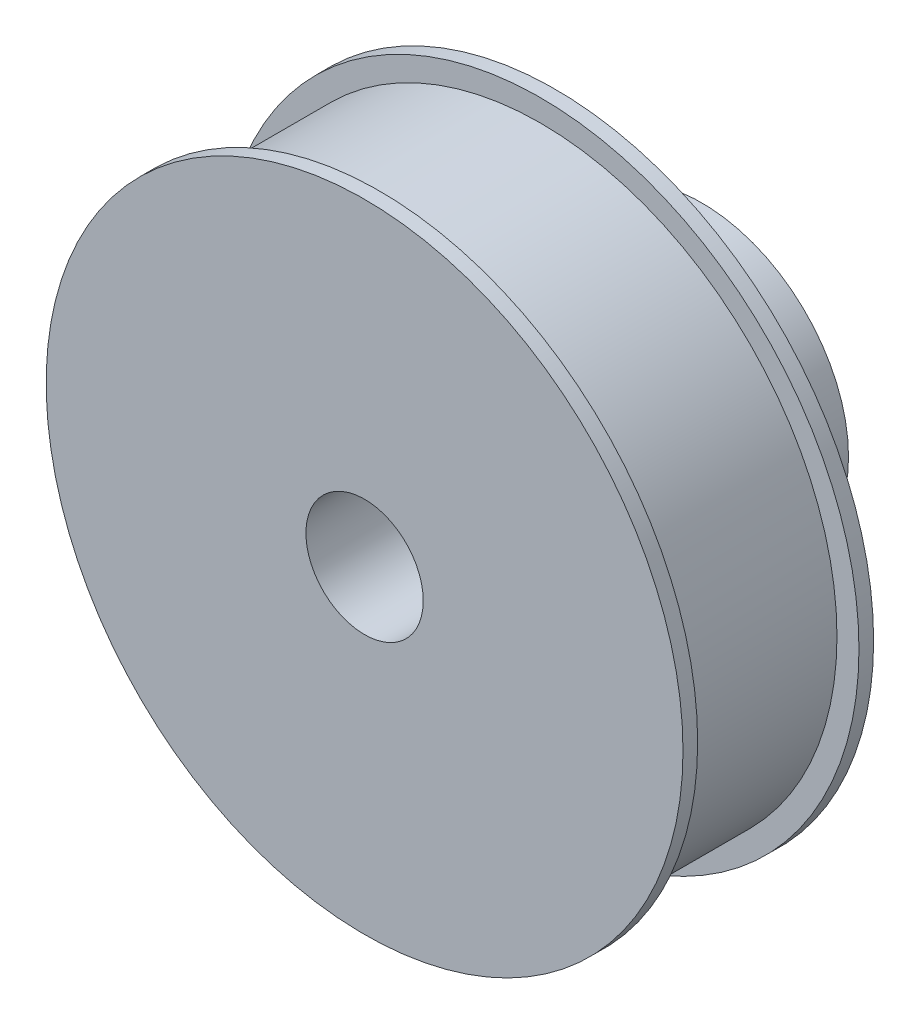
SolidWorks part; units mm, degrees
ref_plane "Front Plane" through (0, 0, 0) normal (0, 0, 1) x (1, 0, 0)
ref_plane "Top Plane" through (0, 0, 0) normal (0, 1, 0) x (1, 0, 0)
ref_plane "Right Plane" through (0, 0, 0) normal (1, 0, 0) x (0, 0, -1)
sketch "Sketch1" plane through (0, 0, 0) normal (0, 1, 0) x (1, 0, 0)
  line L0 (0, 0) -> (0, 161.9291) construction
  line L1 (0, 23) -> (-10, 23)
  line L2 (-10, 23) -> (-10, 13)
  line L3 (-10, 13) -> (-21.7127, 13)
  line L4 (-21.7127, 13) -> (-21.7127, 12)
  line L5 (-21.7127, 12) -> (-20.2127, 12)
  line L6 (-20.2127, 12) -> (-20.2127, 1)
  line L7 (-20.2127, 1) -> (-21.7127, 1)
  line L8 (-21.7127, 1) -> (-21.7127, 0)
  line L9 (-21.7127, 0) -> (0, 0)
  line L10 (0, 0) -> (0, 23)
  line L11 (-21.7127, 12) -> (-21.7127, 1) construction
  dimension "D1" = 20.2127
  dimension "D2" = 1.5
  dimension "D3" = 11
  dimension "D4" = 1
  dimension "D5" = 1
  dimension "D6" = 10
  dimension "D7" = 10
revolve "Revolve1" add sketch "Sketch1" angle 360 about L10
sketch "Sketch2" plane through (0, 0, 0) normal (0, 0, 1) x (1, 0, 0)
  circle A0 centre (0, 0) radius 4
  circle A1 centre (0, 0) radius 21.7127 construction
  dimension "D1" = 8
extrude "Cut-Extrude1" cut sketch "Sketch2" against normal through all
sketch "Sketch3" plane through (0, 0, 0) normal (0, 1, 0) x (1, 0, 0)
  line L0 (0, 23) -> (0, 13) construction
  line L1 (10, 23) -> (-10, 23) construction
  circle A0 centre (0, 18) radius 1.5
  dimension "D1" = 5
  dimension "D2" = 3
extrude "Cut-Extrude2" cut sketch "Sketch3" against normal through all
sketch "Sketch4" plane through (0, 0, 0) normal (1, 0, 0) x (0, 0, -1)
  line L0 (23, 0) -> (13, 0) construction
  line L1 (23, -10) -> (23, 10) construction
  circle A0 centre (18, 0) radius 1.5
  dimension "D1" = 5
  dimension "D2" = 3
extrude "Cut-Extrude3" cut sketch "Sketch4" against normal through all
ref_plane "Plane1" through (0, 0, -6.5) normal (0, 0, 1) x (1, 0, 0)
equation "\"teeth\"= 25"
equation "\"pitch\"= .2in"
equation "\"pitch diameter\"= \"teeth\" * \"pitch\" / pi"
equation "\"D1@Sketch1\"=\"pitch diameter\"/2"
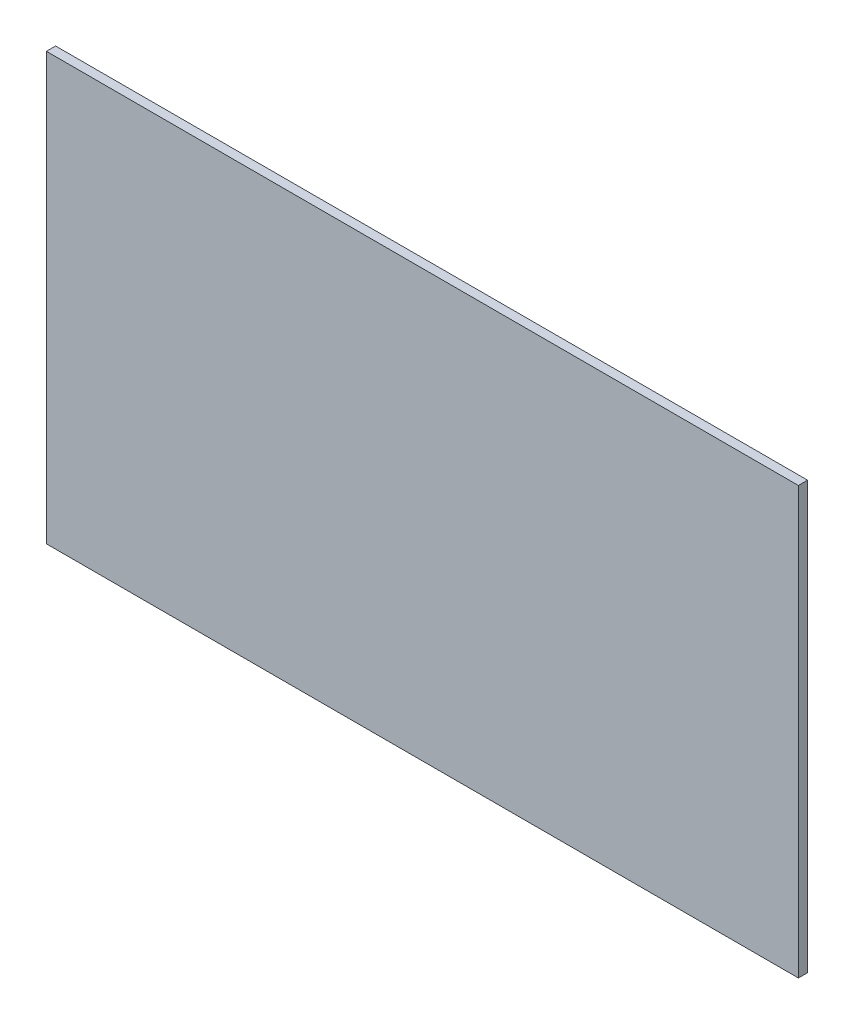
SolidWorks part; units mm, degrees
ref_plane "Front Plane" through (0, 0, 0) normal (0, 0, 1) x (1, 0, 0)
ref_plane "Top Plane" through (0, 0, 0) normal (0, 1, 0) x (1, 0, 0)
ref_plane "Right Plane" through (0, 0, 0) normal (1, 0, 0) x (0, 0, -1)
sketch "Sketch1" plane through (0, 0, 0) normal (0, 0, 1) x (1, 0, 0)
  line L1 (0, 0) -> (2045, 0)
  line L2 (0, 0) -> (0, 1160)
  line L3 (0, 1160) -> (2045, 1160)
  line L4 (2045, 0) -> (2045, 1160)
  dimension "D1" = 1160
  dimension "D2" = 2045
extrude "Boss-Extrude1" add sketch "Sketch1" along normal blind 25
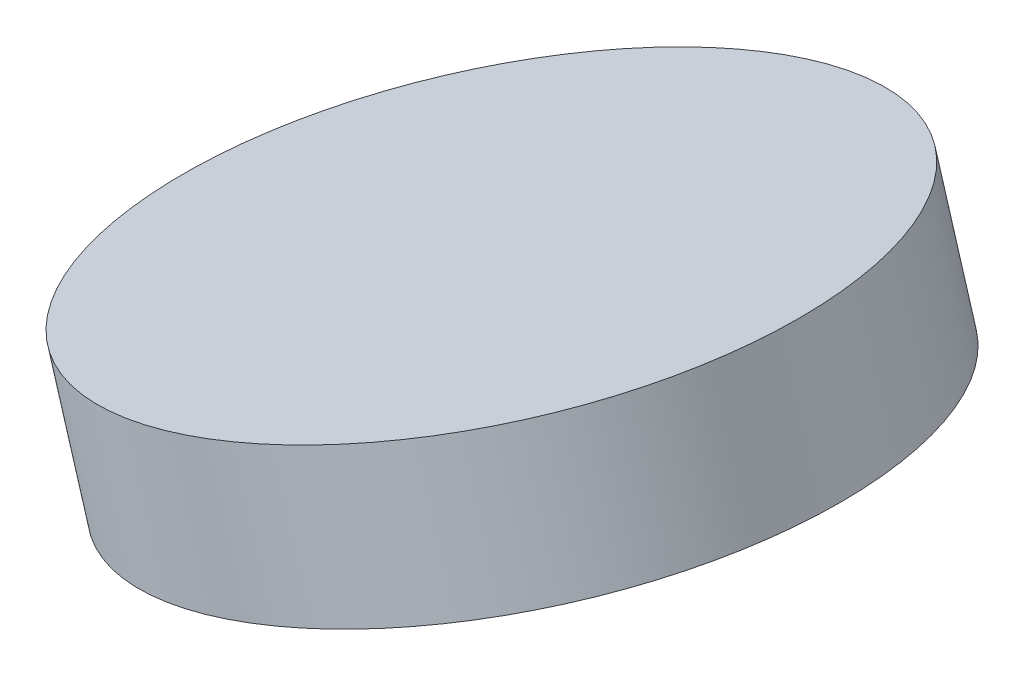
SolidWorks part; units mm, degrees
ref_plane "Front Plane" through (0, 0, 0) normal (0, 0, 1) x (1, 0, 0)
ref_plane "Top Plane" through (0, 0, 0) normal (0, 1, 0) x (1, 0, 0)
ref_plane "Right Plane" through (0, 0, 0) normal (1, 0, 0) x (0, 0, -1)
sketch "Sketch1" plane through (-3.424, 11.5011, 0) normal (0.2853, -0.9584, 0) x (-0.9186, -0.2735, -0.2853)
  circle A1 centre (0, 0) radius 4.4404
  dimension "D1" = 8.8807
extrude "Boss-Extrude1" add sketch "Sketch1" along normal blind 2

=======

From the entries above, collect every line with the string "Boss" in it.

extrude "Boss-Extrude1" add sketch "Sketch1" along normal blind 25
extrude "Boss-Extrude1" add sketch "Sketch1" along normal blind 2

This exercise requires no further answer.